What do Paleo and Vegan Diets Have in Common

By Dr. Lauryn Lax – June 1, 2018

Opposites attract. 
Savory peanut butter loves sweet jelly; a hard weight session deserves a rest day; and bacon and leafy can be friends.


Stereotypically, paleo diehards eat steak and eggs for breakfast, grunt in Crossfit, and guzzle butter coffee. Vegans post pictures of acaí bowls on Instagram, strike downward dogs on standup paddleboards, and love their green juice. However, the two lifestyles are actually more alike than you think—at least at the core of what they are.
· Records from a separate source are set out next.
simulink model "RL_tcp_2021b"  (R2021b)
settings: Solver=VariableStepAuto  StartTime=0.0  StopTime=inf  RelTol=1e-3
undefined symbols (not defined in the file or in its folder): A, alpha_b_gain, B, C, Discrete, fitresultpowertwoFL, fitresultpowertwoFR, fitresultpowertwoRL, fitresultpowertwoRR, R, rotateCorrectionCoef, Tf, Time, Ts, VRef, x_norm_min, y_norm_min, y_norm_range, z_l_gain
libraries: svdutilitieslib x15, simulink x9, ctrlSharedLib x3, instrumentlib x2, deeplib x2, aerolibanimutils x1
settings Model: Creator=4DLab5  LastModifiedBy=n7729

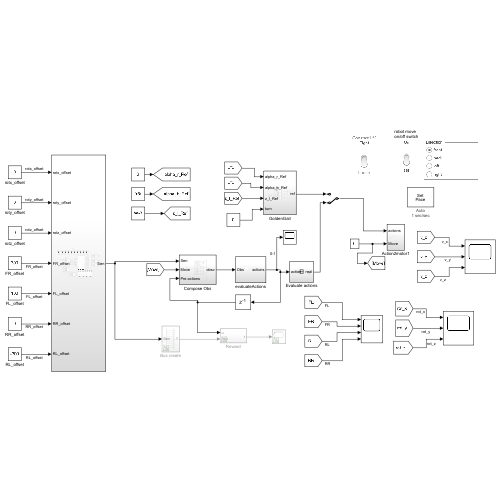
[thumbnail: Simulink's stored preview of the top-level diagram]
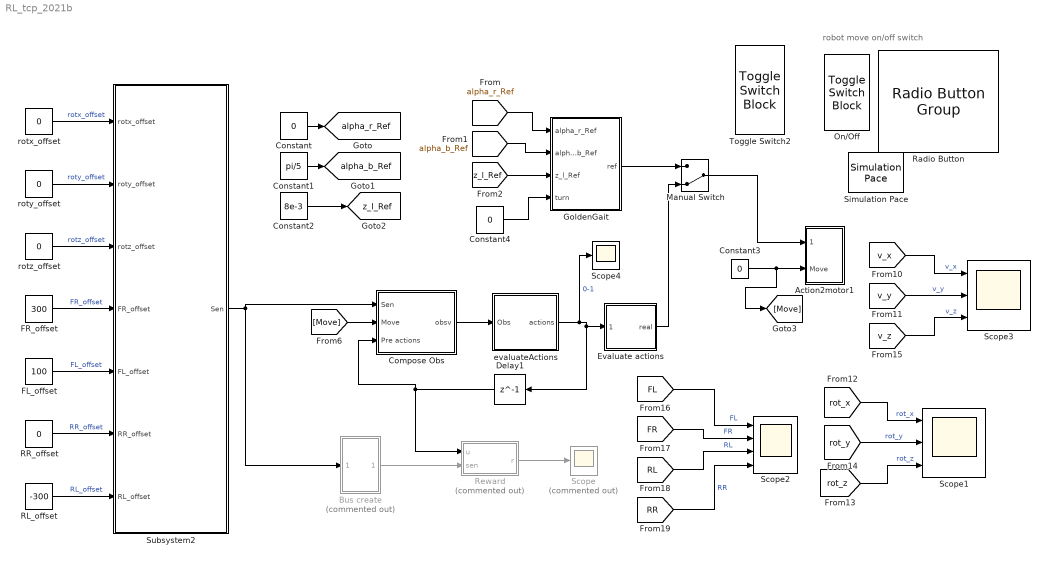
== system RL_tcp_2021b ==
  note: robot move
      | on/off switch
  Action2motor1 : Subsystem
  Bus create : Subsystem  Commented=on
  Compose Obs : Subsystem
  Constant : Constant  Value=0
  Constant1 : Constant  Value=pi/5
  Constant2 : Constant  Value=8e-3
  Constant3 : Constant  Value=0
  Constant4 : Constant  Value=0
  Delay1 : Delay  DelayLength=1  InitialCondition=[0.5;0.5;0.5;0.5]  SampleTime=0.05
  Evaluate actions : Subsystem
  FL_offset : Constant  Value=100
  FR_offset : Constant  Value=300
  GoldenGait : Subsystem
  Manual Switch : ManualSwitch  CurrentSetting=0
  On/Off : ToggleSwitchBlock  LabelPosition=Hide
      settings: Values={{'Off', 'On'}, [0 1]}
  RL_offset : Constant  Value=-300
  RR_offset : Constant  Value=0
  Radio Button : RadioButtonGroup  LabelPosition=Hide  SelectedLabel=front  ButtonGroupName=Direction
      settings: Values={{'front', 'back', 'left', 'right'}, [0 3.1416 1.5708 -1.5708]}
  Reward : Subsystem  Commented=on
  Scope : Scope  Commented=on
  Scope1 : Scope  NumInputPorts=3
  Scope2 : Scope  NumInputPorts=4
  Scope3 : Scope  NumInputPorts=3
  Scope4 : Scope
  Simulation Pace : aerolibanimutils/Simulation Pace  SimulationPace=1  SleepMode=Auto  OutputPaceError=off  SampleTime=0.05
  Subsystem2 : Subsystem
  Toggle Switch2 : ToggleSwitchBlock
      settings: Values={{'Loose', 'Tight'}, [0 1]}
  evaluateActions : Subsystem
  rotx_offset : Constant  Value=0
  roty_offset : Constant  Value=0
  rotz_offset : Constant  Value=0
  tag scope: alpha_b_Ref=global, alpha_r_Ref=global, z_l_Ref=global
  wires:
  RR_offset/1 -> Subsystem2/6(RR_offset)  "RR_offset"
  [v_x] -> Scope3/1  "v_x"
  RL_offset/1 -> Subsystem2/7(RL_offset)  "RL_offset"
  [Move] -> Compose Obs/2(Move)
  [rot_y] -> Scope1/2  "rot_y"
  Evaluate actions/1(real) -> Manual Switch/2
  FR_offset/1 -> Subsystem2/4(FR_offset)  "FR_offset"
  [RL] -> Scope2/3  "RL"
  [rot_z] -> Scope1/3  "rot_z"
  Constant4/1 -> GoldenGait/4(turn)
  [RR] -> Scope2/4  "RR"
  [alpha_r_Ref] -> GoldenGait/1(alpha_r_Ref)
  Delay1/1 -> Compose Obs/3(Pre actions), Reward/1(u)
  [z_l_Ref] -> GoldenGait/3(z_l_Ref)
  [v_z] -> Scope3/3  "v_z"
  [v_y] -> Scope3/2  "v_y"
  [FR] -> Scope2/2  "FR"
  [alpha_b_Ref] -> GoldenGait/2(alpha_b_Ref)
  [rot_x] -> Scope1/1  "rot_x"
  Manual Switch/1 -> Action2motor1/1(actions)
  [FL] -> Scope2/1  "FL"
  Subsystem2/1(Sen) -> Compose Obs/1(Sen), Bus create/1(Sen)
  Compose Obs/1(obsv) -> evaluateActions/1(Obs)
  Constant1/1 -> [alpha_b_Ref]
  Constant2/1 -> [z_l_Ref]
  Constant3/1 -> [Move], Action2motor1/2(Move)
  rotz_offset/1 -> Subsystem2/3(rotz_offset)  "rotz_offset"
  roty_offset/1 -> Subsystem2/2(roty_offset)  "roty_offset"
  Reward/1(r) -> Scope/1
  Constant/1 -> [alpha_r_Ref]
  Bus create/1(Outport) -> Reward/2(sen)
  FL_offset/1 -> Subsystem2/5(FL_offset)  "FL_offset"
  evaluateActions/1(actions) -> Scope4/1, Evaluate actions/1(action), Delay1/1  "0-1"
  GoldenGait/1(ref) -> Manual Switch/1
  rotx_offset/1 -> Subsystem2/1(rotx_offset)  "rotx_offset"

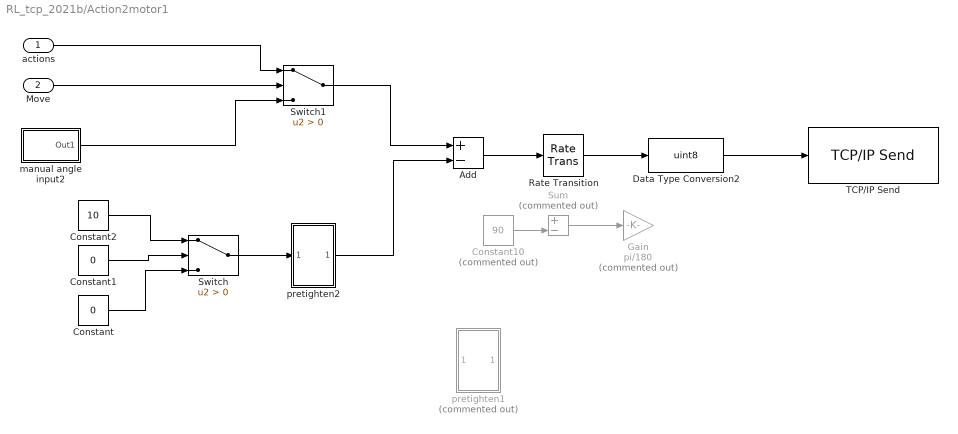
== system RL_tcp_2021b/Action2motor1 ==
  actions : Inport
  Move : Inport  Port=2
  Add : Sum  Inputs=+-
  Constant : Constant  Value=0
  Constant1 : Constant  Value=0
  Constant10 : Constant  Commented=on  Value=90
  Constant2 : Constant  Value=10
  Data Type Conversion2 : DataTypeConversion  OutDataTypeStr=uint8
  Gain : Gain  Commented=on  Gain=pi/180
  Rate Transition : RateTransition  OutPortSampleTime=0.05
  Sum : Sum  Commented=on  Inputs=+-
  Switch : Switch  Criteria=u2 > Threshold
  Switch1 : Switch  Criteria=u2 > Threshold
  TCP/IP Send : instrumentlib/TCP//IP Send  Priority=1  Host=192.168.0.103  Port=6666  ByteOrder=big-endian  EnableBlockingMode=on  Timeout=1  TransferDelay=on  SimulateUsing=Interpreted execution
  manual angle input2 : Subsystem
  pretighten1 : Subsystem  Commented=on
  pretighten2 : Subsystem
  wires:
  manual angle input2/1(Out1) -> Switch1/3
  pretighten2/1(Out1) -> Add/2
  Switch1/1 -> Add/1
  Switch/1 -> pretighten2/1(In1)
  Constant/1 -> Switch/3
  Constant2/1 -> Switch/1
  Data Type Conversion2/1 -> TCP/IP Send/1
  Add/1 -> Rate Transition/1
  Constant1/1 -> Switch/2
  Move/1 -> Switch1/2
  actions/1 -> Switch1/1
  Constant10/1 -> Sum/2
  Sum/1 -> Gain/1
  Rate Transition/1 -> Data Type Conversion2/1

== system RL_tcp_2021b/Bus create ==
  Sen : Inport
  Bus Creator : BusCreator  Inputs=10
  Demux : Demux  Outputs=10
  Outport : Outport
  wires:
  Sen/1 -> Demux/1
  Demux/1 -> Bus Creator/1  "rot_x"
  Demux/2 -> Bus Creator/2  "rot_y"
  Demux/3 -> Bus Creator/3  "rot_z"
  Bus Creator/1 -> Outport/1
  Demux/4 -> Bus Creator/4  "v_x"
  Demux/5 -> Bus Creator/5  "v_y"
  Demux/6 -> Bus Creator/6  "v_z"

Here are five things paleo and vegan diets agree on (and a new dietary philosophy that bridges the gap between the two extremes—labels aside):

 

1. Taste the rainbow.

Get your greens (and oranges, blues, reds, and yellows) on. Paleo and vegan diets are built upon eating as nature intended, which means earth-grown foods, including the most abundant source of nutrients—plants. 

 

2. Eliminate gluten and dairy. 

Gluten and dairy are two of the most inflammatory foods on the planet, with research revealing high correlations between gluten and dairy with leaky gut, digestive distress, skin breakouts, low immunity, autoimmune disease, and brain fog. While some vegan adherents do eat gluten and gluten cross-contaminants (soy, MSG, and oats), and some Paleo adherents do eat dairy (butter, whey, and hard cheese), traditional paleo and vegan diets are gluten- and dairy-free. 

 

3. Remove processed foods and sugar. 

Traditional paleo and vegan diets emphasize the importance of minimizing the Standard American Diet, especially processed foods with additives, hydrogenated oils, and sugar. The alternative? Building your diet on real, nutrient-dense foods like nature intended. Before Tofurky or paleo cookies appeared in supermarkets, these diets consisted of proteins, vegetables, some fruits and starches, lots of water, and healthy fats.

 

4. It’s a way of life. 

The true meaning of the word “diet” in Latin is “way of life.”  Paleo and vegan diets are about more than what you eat or don’t eat—they both also entail a total lifestyle that includes fitness, personal values, financial decisions, and the people you spend time with. 

 

5. Eat to feel your best.

Most people first adopt a paleo or vegan lifestyle in order to feel better. Whether that means losing weight, lowering inflammation, connecting to your food, balancing blood sugar, or boosting energy, the goal of feeling one’s best is what keeps people in the game for the long haul.

 

Paleo and vegan lifestyles are more alike than not, and if there’s one thing they both agree on it is the belief that eating real food makes you feel good.